Exercise details ▸ Say how many lines in the records hold the word "close", and give nothing but that number.

Supplied records ▸
= = = = = = =
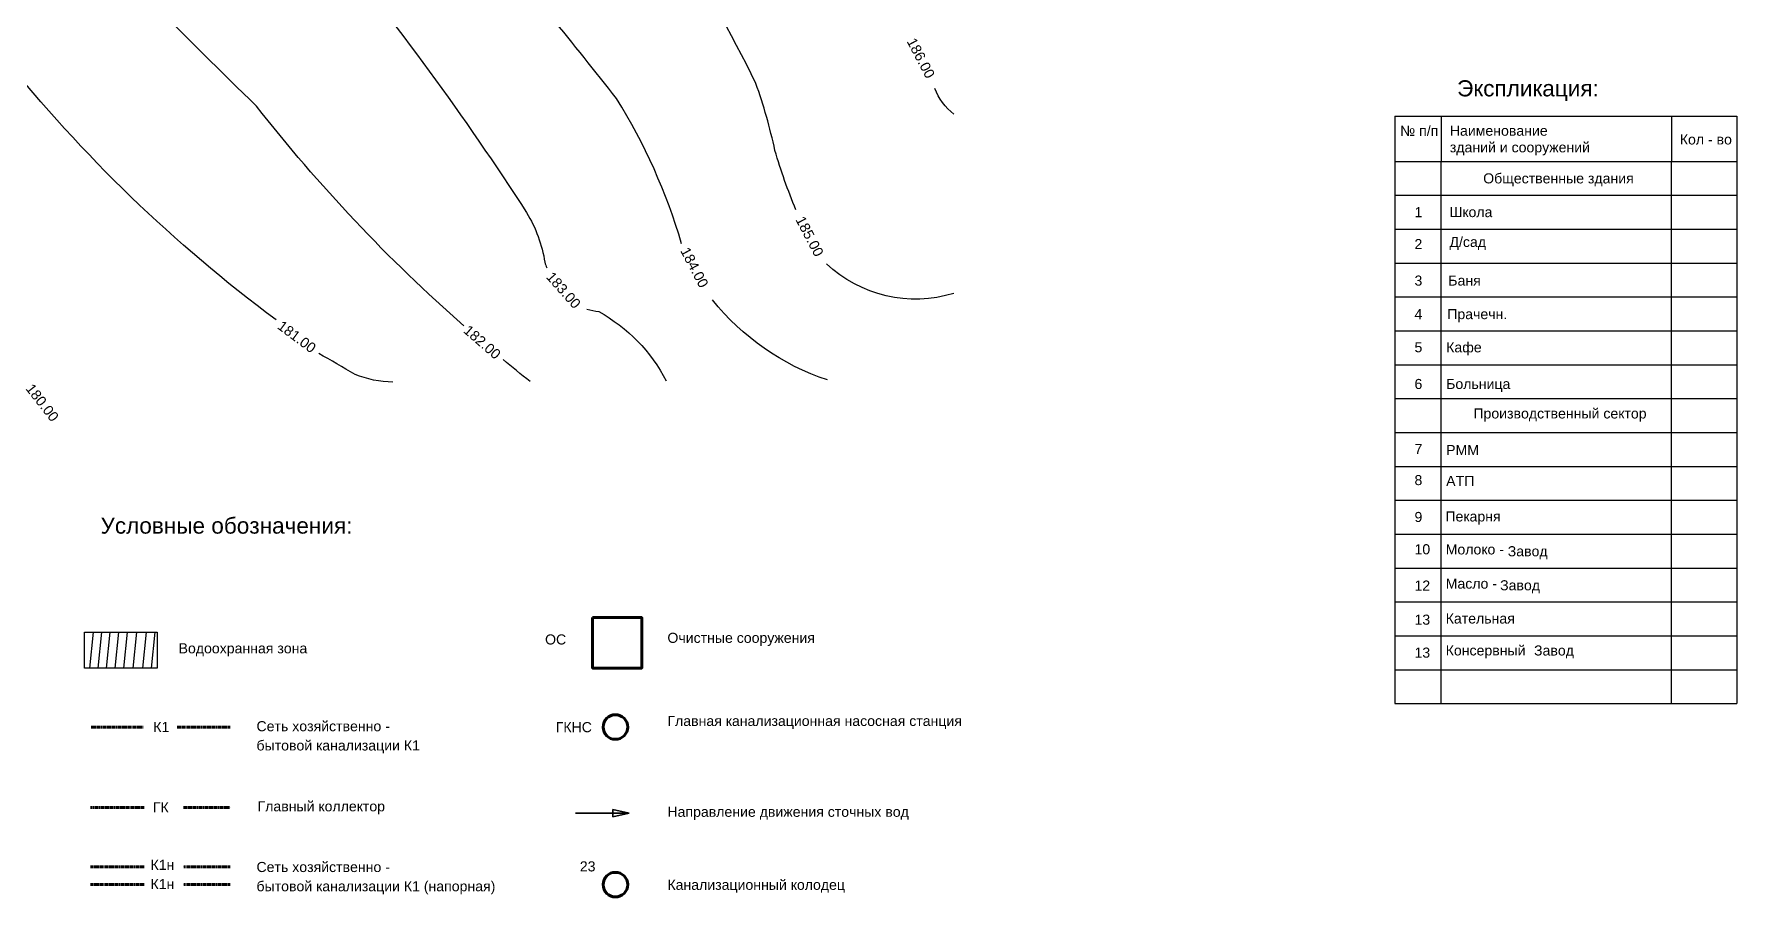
# Model space of a CAD drawing. Header units: inches. Extents: x 389 to 1188, y 268 to 818.
# Drawn here: x 765.9 to 1187.8, y 269.2 to 483.1 of the extents above; entities that cross this region are included whole.
import ezdxf

# ---------------------------------------------------------------- set-up
doc = ezdxf.new("R2010")
doc.units = ezdxf.units.IN
doc.header["$MEASUREMENT"] = 0
doc.linetypes.add('штриховая2', pattern=[0.375, 0.25, -0.125])
for name, color, linetype, lineweight in [('горизонтали', 18, 'Continuous', 25), ('кварталы', 7, 'Continuous', 100), ('Текст', 7, 'Continuous', 15)]:
    doc.layers.add(name, color=color, linetype=linetype, lineweight=lineweight)
doc.styles.get("Standard").update_dxf_attribs({"font": 'arial.ttf'})

# ---------------------------------------------------------------- blocks, each defined once
blk = doc.blocks.new('*T17')
at = {"color": 0, "linetype": 'ByBlock', "lineweight": -2, "transparency": 16777216}
for p, q in [((0, 0), (84.77, 0)), ((0, 0), (0, -145.6)), ((84.77, 0), (84.77, -145.6)), ((0, -11.2), (84.77, -11.2)), ((11.4, -11.2), (11.4, -145.6)), ((68.49, -11.2), (68.49, -145.6)), ((0, -19.6), (84.77, -19.6)), ((0, -28), (84.77, -28)), ((0, -36.4), (84.77, -36.4)), ((0, -44.8), (84.77, -44.8)), ((0, -53.2), (84.77, -53.2)), ((0, -61.6), (84.77, -61.6)), ((0, -70), (84.77, -70)), ((0, -78.4), (84.77, -78.4)), ((0, -86.8), (84.77, -86.8)), ((0, -95.2), (84.77, -95.2)), ((0, -103.6), (84.77, -103.6)), ((0, -112), (84.77, -112)), ((0, -120.4), (84.77, -120.4)), ((0, -128.8), (84.77, -128.8)), ((0, -137.2), (84.77, -137.2)), ((0, -145.6), (84.77, -145.6))]:
    blk.add_line(p, q, dxfattribs=at)

msp = doc.modelspace()

# ---------------------------------------------------------------- linework, layer by layer
at = {"ltscale": 0.25}
for p, q in [((1114.62327, 451.52963), (1114.62327, 462.72963)), ((1171.71471, 451.52963), (1171.71471, 462.72963))]:
    msp.add_line(p, q, dxfattribs=at)
at = {"color": 5, "ltscale": 0.25}
for p, q in [((779.73155, 325.90968), (780.63157, 334.81966)), ((781.74799, 325.90968), (782.64801, 334.81966)), ((783.87083, 325.90968), (784.77085, 334.81966)), ((785.9924, 325.90968), (786.89243, 334.81966)), ((788.17351, 325.90968), (789.07353, 334.81966)), ((790.4724, 325.90968), (791.37243, 334.81966)), ((792.83083, 325.90968), (793.73086, 334.81966)), ((795.01194, 325.90968), (795.91196, 334.81966))]:
    msp.add_line(p, q, dxfattribs=at)
at = {"lineweight": 35, "ltscale": 0.25}
for p, q in [((900.02888, 289.98178), (913.31903, 289.98178)), ((913.31903, 289.98178), (909.31809, 290.85364)), ((909.31809, 290.85364), (909.31809, 289.03176)), ((909.31809, 289.03176), (913.31903, 289.98178))]:
    msp.add_line(p, q, dxfattribs=at)
at = {"color": 32, "lineweight": 70, "ltscale": 0.25}
for centre in [(909.95024, 311.31748), (909.95024, 272.24749)]:
    msp.add_circle(centre, 3.04806, dxfattribs=at)
at = {"layer": 'горизонтали', "color": 32, "linetype": 'штриховая2', "lineweight": 80, "ltscale": 0.25}
for p, q in [((792.90687, 311.31748), (779.91107, 311.31748)), ((814.48791, 311.31748), (801.35372, 311.31748)), ((779.91107, 291.38037), (793.16898, 291.38037)), ((802.88125, 291.38037), (814.48791, 291.38037))]:
    msp.add_line(p, q, dxfattribs=at)
at = {"layer": 'горизонтали', "color": 1, "linetype": 'штриховая2', "lineweight": 80, "ltscale": 0.25}
for p, q in [((793.16898, 276.64328), (779.91107, 276.64328)), ((814.48791, 276.64328), (802.88125, 276.64328)), ((793.16898, 272.24749), (779.91107, 272.24749)), ((814.48791, 272.24749), (802.88125, 272.24749))]:
    msp.add_line(p, q, dxfattribs=at)
at = {"layer": 'горизонтали', "ltscale": 0.25}
for points in [[(725.80242, 657.64288, -0.030941409), (755.80242, 628.86828, 0.040655913), (769.80242, 615.50464, 0.012847068), (777.80242, 607.50464, -0.004697099), (787.80242, 593.50464, -0.088990871), (819.80242, 543.50464), (824.80242, 529.50464), (837.80242, 507.50464), (837.80242, 507.50464, -0.027606657), (887.9394, 438.83463, -0.096449459), (892.4704, 426.50464, 0.040841228), (892.92455, 425.15776, 0.040841228)], [(872.41119, 410.75863, -0.047072779), (820.98707, 465.24399, -0.013416718), (769.80242, 517.50464), (753.80242, 543.50464), (713.80242, 593.50464, 0.121721877), (689.80242, 609.36032)], [(926.33909, 431.11419, 0.067480208), (910.24014, 467.09185, 0.003333313), (877.80242, 507.50464)], [(944.74834, 470.86292, 0.032599755), (923.80242, 507.50464)], [(949.47803, 454.22771, 0.031797875), (944.74834, 470.86292)], [(993.80242, 463.20464, -0.132449394), (989.0659, 469.5801)], [(954.68416, 439.49835, -0.027696897), (949.47803, 454.22771)], [(993.80242, 418.80573, -0.270278314), (962.20955, 426.14055, -0.33892122)], [(902.82806, 414.89649, 0.031093436), (905.80242, 414.30728)], [(905.80242, 414.30728, -0.146558127), (922.53887, 397.14255)], [(962.48313, 397.33996, -0.144993631), (934.00332, 417.18437, -0.17541976)], [(888.80242, 396.97581, -0.01081337), (882.11244, 402.39623, -0.008270729)]]:
    msp.add_lwpolyline(points, format="xyb", dxfattribs=at)
at = {"layer": 'горизонтали', "lineweight": 25, "ltscale": 0.25}
for points in [[(825.84211, 412.21719, -0.063839337), (758.13558, 477.59228, 0.058919961), (725.80242, 507.50464, 0.032614241), (701.49012, 525.45037, -0.013820907), (695.99751, 529.50464)], [(854.80242, 396.80777, -0.094978431), (845.42502, 398.72239, 0.000125629), (836.43278, 403.92019, -0.021512638)]]:
    msp.add_lwpolyline(points, format="xyb", dxfattribs=at)
at = {"layer": 'горизонтали', "color": 32, "lineweight": 80, "ltscale": 0.25}
msp.add_lwpolyline([(904.26949, 338.44576), (916.46175, 338.44576), (916.46175, 325.90968), (904.26949, 325.90968)], close=True, dxfattribs=at)
at = {"layer": 'кварталы', "color": 5, "lineweight": 25, "ltscale": 0.25}
msp.add_lwpolyline([(778.37228, 334.81966), (796.37228, 334.81966), (796.37228, 325.90968), (778.37228, 325.90968)], close=True, dxfattribs=at)

# ---------------------------------------------------------------- block references
msp.add_blockref('*T17', (1103.07538, 462.72963))

# ---------------------------------------------------------------- texts
at = {"ltscale": 0.25}
for s, p in [('ОС', (892.50931, 331.77293)), ('ГКНС', (895.15223, 310.03579)), ('К1н', (794.75016, 275.9062)), ('К1н', (794.75016, 271.13603))]:
    msp.add_text(s, height=2.5, dxfattribs=at).set_placement(p)
at = {"layer": 'горизонтали', "lineweight": 15, "ltscale": 0.25}
for s, rotation, p in [('186.00', 297.6184182, (982.06023, 481.28535)), ('185.00', 297.6184182, (954.49899, 437.10302)), ('184.00', 297.6184182, (925.9513, 429.38337)), ('183.00', 311.6410092, (892.61029, 422.76723)), ('181.00', 323.2960752, (825.9748, 410.24501)), ('182.00', 319.0328406, (872.0924, 409.27763)), ('180.00', 307.9792426, (763.66307, 395.17057))]:
    msp.add_text(s, height=2.5, rotation=rotation, dxfattribs=at).set_placement(p)
at = {"layer": 'Текст', "ltscale": 0.25}
for s, height, p in [('Экспликация:', 4, (1118.50627, 467.62189)), ('№ п/п', 2.5, (1104.38907, 457.84073)), ('Наименование', 2.5, (1116.70416, 457.87307)), ('зданий и сооружений', 2.5, (1116.70416, 453.75671)), ('Кол - во', 2.5, (1173.6829, 455.70358)), ('Общественные здания', 2.5, (1124.96926, 446.05876)), ('1', 2.5, (1107.94466, 437.67607)), ('Школа', 2.5, (1116.6068, 437.70348)), ('2', 2.5, (1107.94466, 429.76382)), ('Д/сад', 2.5, (1116.6068, 430.30126)), ('3', 2.5, (1107.94466, 420.72458)), ('Баня', 2.5, (1116.31971, 420.73325)), ('4', 2.5, (1107.94466, 412.39803)), ('Прачечн.', 2.5, (1116.06157, 412.41387)), ('5', 2.5, (1107.94466, 404.20122)), ('Кафе', 2.5, (1115.80269, 404.1821)), ('6', 2.5, (1107.94466, 395.09367)), ('Больница', 2.5, (1115.78971, 395.10725)), ('Производственный сектор', 2.5, (1122.53789, 387.79188)), ('7', 2.5, (1107.94466, 378.95439)), ('РММ', 2.5, (1115.78971, 378.71946)), ('8', 2.5, (1107.94466, 371.27551)), ('Условные обозначения:', 4, (782.36736, 359.2481)), ('9', 2.5, (1107.94466, 362.13746)), ('10', 2.5, (1107.94466, 354.12409)), ('12', 2.5, (1107.94466, 345.12663)), ('Масло -', 2.5, (1115.67666, 345.6218)), ('13', 2.5, (1107.94466, 336.67821)), ('Очистные сооружения', 2.5, (922.83082, 332.17772)), ('Водоохранная зона', 2.5, (801.69627, 329.58136)), ('13', 2.5, (1107.94466, 328.51141)), ('Консервный', 2.5, (1115.67666, 329.05943)), ('К1', 2.5, (795.43865, 310.0854)), ('Сеть хозяйственно -', 2.5, (821.00629, 310.27134)), ('Главная канализационная насосная станция', 2.5, (922.83082, 311.57454)), ('бытовой канализации К1', 2.5, (821.00629, 305.50149)), ('ГК', 2.5, (795.32862, 290.14829)), ('Главный коллектор', 2.5, (821.26893, 290.41544)), ('Направление движения сточных вод', 2.5, (922.83082, 289.05852)), ('Сеть хозяйственно -', 2.5, (821.00629, 275.37426)), ('23', 2.5, (901.12169, 275.52907)), ('бытовой канализации К1 (напорная)', 2.5, (821.00629, 270.60441)), ('Канализационный колодец', 2.5, (922.83082, 270.96282))]:
    msp.add_text(s, height=height, dxfattribs=at).set_placement(p)
at = {"layer": 'Текст', "color": 0, "ltscale": 0.25}
for s, p in [('АТП', (1115.78971, 371.06033)), ('Пекарня', (1115.60619, 362.26804)), ('Молоко -', (1115.67666, 354.09555)), ('Завод', (1131.04678, 353.63852)), ('Завод', (1129.1579, 345.20416)), ('Кательная', (1115.67666, 336.97477)), ('Завод', (1137.56617, 329.04166))]:
    msp.add_text(s, height=2.5, dxfattribs=at).set_placement(p)

doc.saveas('drawing.dxf')
= = = = = = =
Your solution ▸ 2